授課老師把桌麵上的書打開,好像一個老學究一樣,好像沒有見到班級的新晉學生沈繼,跟同學講解起經書上的內容。


    儒家經典是講道理的,而且沒有道家、佛家那麽玄妙,但可惜就是比較繁瑣。


    繞來繞去的,一個道理要說上半天,甚至還要旁征博引,來證明自己的正確。


    所以沈繼雖然能聽明白他在說什麽,但是卻沒辦法全麵認同他的觀念。


    當然,在他這邊,觀念什麽的是不重要的,重要的是如何寫,在考試的時候能夠拿到分。


    沈繼聽來聽去,就有些懈怠了。


    不過他發現其他的那四個人也是差不多的樣子,都是在擺樣子,學得並不認真。


    樂玉侯的少侯爺在用手撐著下巴打盹,王梓岐在用手擊打桌麵,發出簡單的節奏,也不知道是不是在回味琴童的琴聲。


    老金甚至連手裏的金瓶梅都沒有放下,閱讀的非常認真。


    隻不過他的口水已經淌下來了,看起來好像一個智障。


    如果說真有人在聽講的話,大概也就隻有那個冰霜美人了吧?


    有他們這樣的水平,沈繼也就放心了。


    沈繼在這個班上,說不定還能算得上是個好學生呢!


    毫無疑問,這個老頭是很有文化底蘊的。


    沈繼是在宗派大會裏聽過儒家高人講課的,其實內容和這老頭講得也差不多。


    他說的很多道理都能直指沈繼的心窩,但有些東西,卻帶有封建的特殊性,沈繼沒辦法那麽容易接受。


    但是他最大的問題就是不怎麽會“講課”。


    所以學生們聽了,難免會打鼾。


    沈繼聽得其實也挺沒趣的,所以聽得多了,沈繼難免也愣神了。


    他更多的時間,是在觀察周圍的人。


    那個老師對另外那四個人已經比較熟悉了,拿他們也沒有什麽辦法,但是沈繼是第一天來的,他就想好好培養一下。

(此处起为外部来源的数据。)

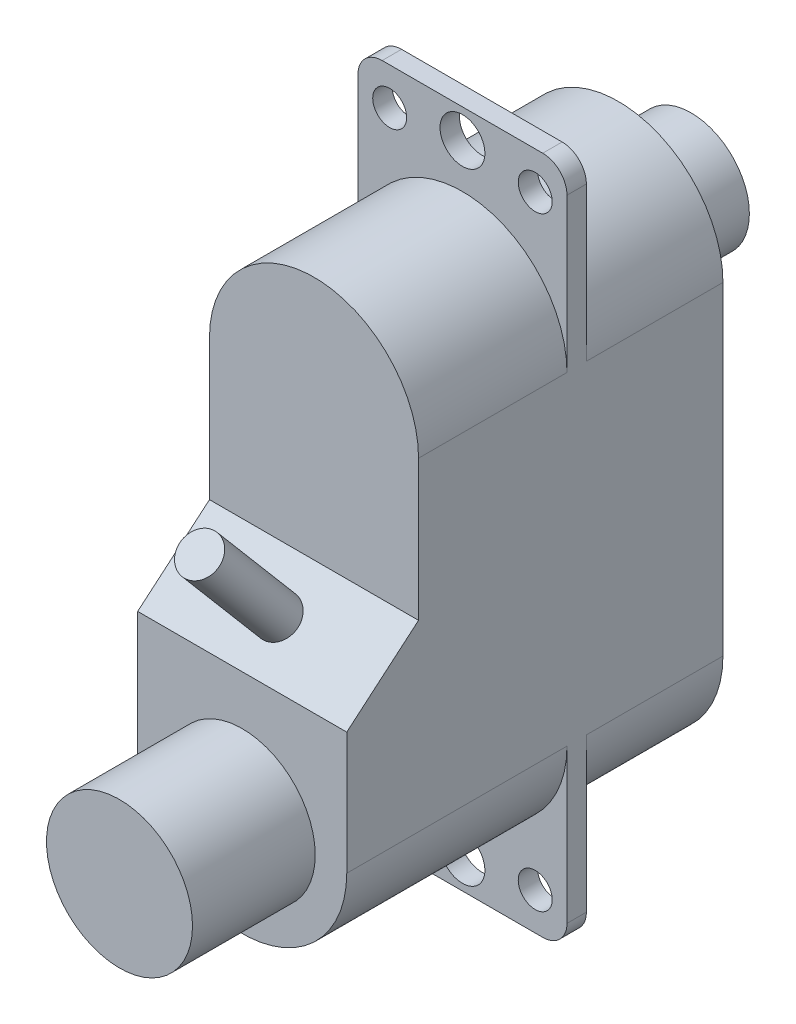
SolidWorks part; units mm, degrees
ref_plane "Front Plane" through (0, 0, 0) normal (0, 0, 1) x (1, 0, 0)
ref_plane "Top Plane" through (0, 0, 0) normal (0, 1, 0) x (1, 0, 0)
ref_plane "Right Plane" through (0, 0, 0) normal (1, 0, 0) x (0, 0, -1)
sketch "Sketch1" plane through (0, 0, 0) normal (0, 0, 1) x (1, 0, 0)
  circle A0 centre (0, 0) radius 2.4
  dimension "D1" = 4.8
extrude "Boss-Extrude1" add sketch "Sketch1" along normal blind 3
sketch "Sketch2" plane through (0, 0, 3) normal (0, 0, 1) x (1, 0, 0)
  line L0 (0, 0) -> (0, -13.34) construction
  line L1 (4.31, 0) -> (4.31, -13.34)
  line L2 (-4.31, 0) -> (-4.31, -13.34)
  line L3 (0, 4.31) -> (12.7239, 4.31) construction
  line L5 (0, -17.65) -> (15.2884, -17.65) construction
  arc A0 (4.31, 0) -> (-4.31, 0) centre (0, 0) ccw
  arc A1 (-4.31, -13.34) -> (4.31, -13.34) centre (0, -13.34) ccw
  point P3 (0, -6.67)
  dimension "D1" = 8.62
  dimension "D2" = 21.96
extrude "Boss-Extrude2" add sketch "Sketch2" along normal blind 15.51
sketch "Sketch3" plane through (0, 0, 0) normal (1, 0, 0) x (0, 0, -1)
  line L0 (-18.51, 4.31) -> (-15.55, 4.31)
  line L1 (-15.55, 4.31) -> (-15.55, -5.79)
  line L2 (-15.55, -5.79) -> (-18.51, -8.3)
  line L3 (-18.51, -13.34) -> (-18.51, 0) construction
  line L4 (-18.51, -8.3) -> (-18.51, 4.31)
  line L5 (-3, 0) -> (-3, 4.31) construction
  dimension "D1" = 12.55
  dimension "D2" = 9.35
  dimension "D3" = 10.1
extrude "Cut-Extrude1" cut sketch "Sketch3" against normal through all both and the other way through all
sketch "Sketch4" plane through (0, 0, 18.51) normal (0, 0, 1) x (1, 0, 0)
  circle A0 centre (0, -13.34) radius 3.01
  dimension "D1" = 6.02
extrude "Boss-Extrude3" add sketch "Sketch4" along normal blind 5.06
ref_plane "Plane1" through (0, 0, 8.63) normal (0, 0, -1) x (-1, 0, 0)
sketch "Sketch5" plane through (0, 0, 8.63) normal (0, 0, -1) x (-1, 0, 0)
  line L1 (-3.31, 7.33) -> (3.31, 7.33)
  line L2 (-4.31, 6.33) -> (-4.31, -19.67)
  line L3 (-3.31, -20.67) -> (3.31, -20.67)
  line L4 (4.31, 6.33) -> (4.31, -19.67)
  line L5 (4.31, 0) -> (4.31, -13.34) construction
  line L6 (0, 0) -> (0, 7.33) construction
  line L8 (4.31, -6.67) -> (10.5668, -6.67) construction
  arc A0 (-4.31, -19.67) -> (-3.31, -20.67) centre (-3.31, -19.67) ccw
  arc A1 (3.31, 7.33) -> (4.31, 6.33) centre (3.31, 6.33) cw
  arc A2 (-3.31, 7.33) -> (-4.31, 6.33) centre (-3.31, 6.33) ccw
  arc A3 (3.31, -20.67) -> (4.31, -19.67) centre (3.31, -19.67) ccw
  circle A4 centre (0, 6.13) radius 0.925
  circle A5 centre (3, 5.7908) radius 0.7
  circle A6 centre (-3, 5.7908) radius 0.7
  circle A7 centre (3, -19.1308) radius 0.7
  circle A8 centre (0, -19.47) radius 0.925
  circle A9 centre (-3, -19.1308) radius 0.7
  point P4 (0, 7.33)
  point P14 (4.31, -6.67)
  point P17 (4.31, -6.67)
  dimension "D1" = 1
  dimension "D2" = 1
  dimension "D4" = 1.85
  dimension "D5" = 1.4
  dimension "D7" = 25.6
  dimension "D3" = 28
  dimension "D6" = 6
extrude "Boss-Extrude4" add sketch "Sketch5" against normal blind 0.8
sketch "Sketch6" plane through (0, 4.3023, 3.6483) normal (0, 0.7627, 0.6468) x (1, 0, 0)
  circle A0 centre (0, -17.5504) radius 0.8231
extrude "Boss-Extrude5" add sketch "Sketch6" along normal blind 5
ref_axis "Axis1" through (0, 0, 8.9133) along (0, 0, -1)
ref_plane "Plane2" through (-4.18, 0.7371, 0) normal (-0.9848, 0.1736, 0) x (0, 0, -1)
ref_plane "Plane3" through (0, 0, 0) normal (0.4226, 0.9063, 0) x (0, 0, -1)
sketch "Sketch7" plane through (0, 0, 8.63) normal (0, 0, -1) x (-1, 0, 0)
  line L8 (2.3137, -18.9928) -> (1.9024, -21.0395)
  line L9 (1.9024, -21.0395) -> (5.9636, -21.0395)
  line L10 (5.9636, -21.0395) -> (5.696, -18.0256)
  line L11 (5.696, -18.0256) -> (2.8529, -18.4464)
  circle A4 centre (3, -19.1308) radius 0.7 construction
  arc A5 (2.8529, -18.4464) -> (2.3137, -18.9928) centre (2.9463, -19.0778) ccw
extrude "Cut-Extrude2" cut sketch "Sketch7" against normal blind 10

    可是剛才沈繼聽課聽得還好好的,怎麽這麽一會兒的工夫,就愣神了呢?


    咋的,是我講的不好唄?


    老師這麽一想,心裏壓力就大了,甚至有些不平衡。


    再加上他隻是一個普通的老師,沈繼的身份,並沒有向他通報,所以他便想給沈繼一個下馬威。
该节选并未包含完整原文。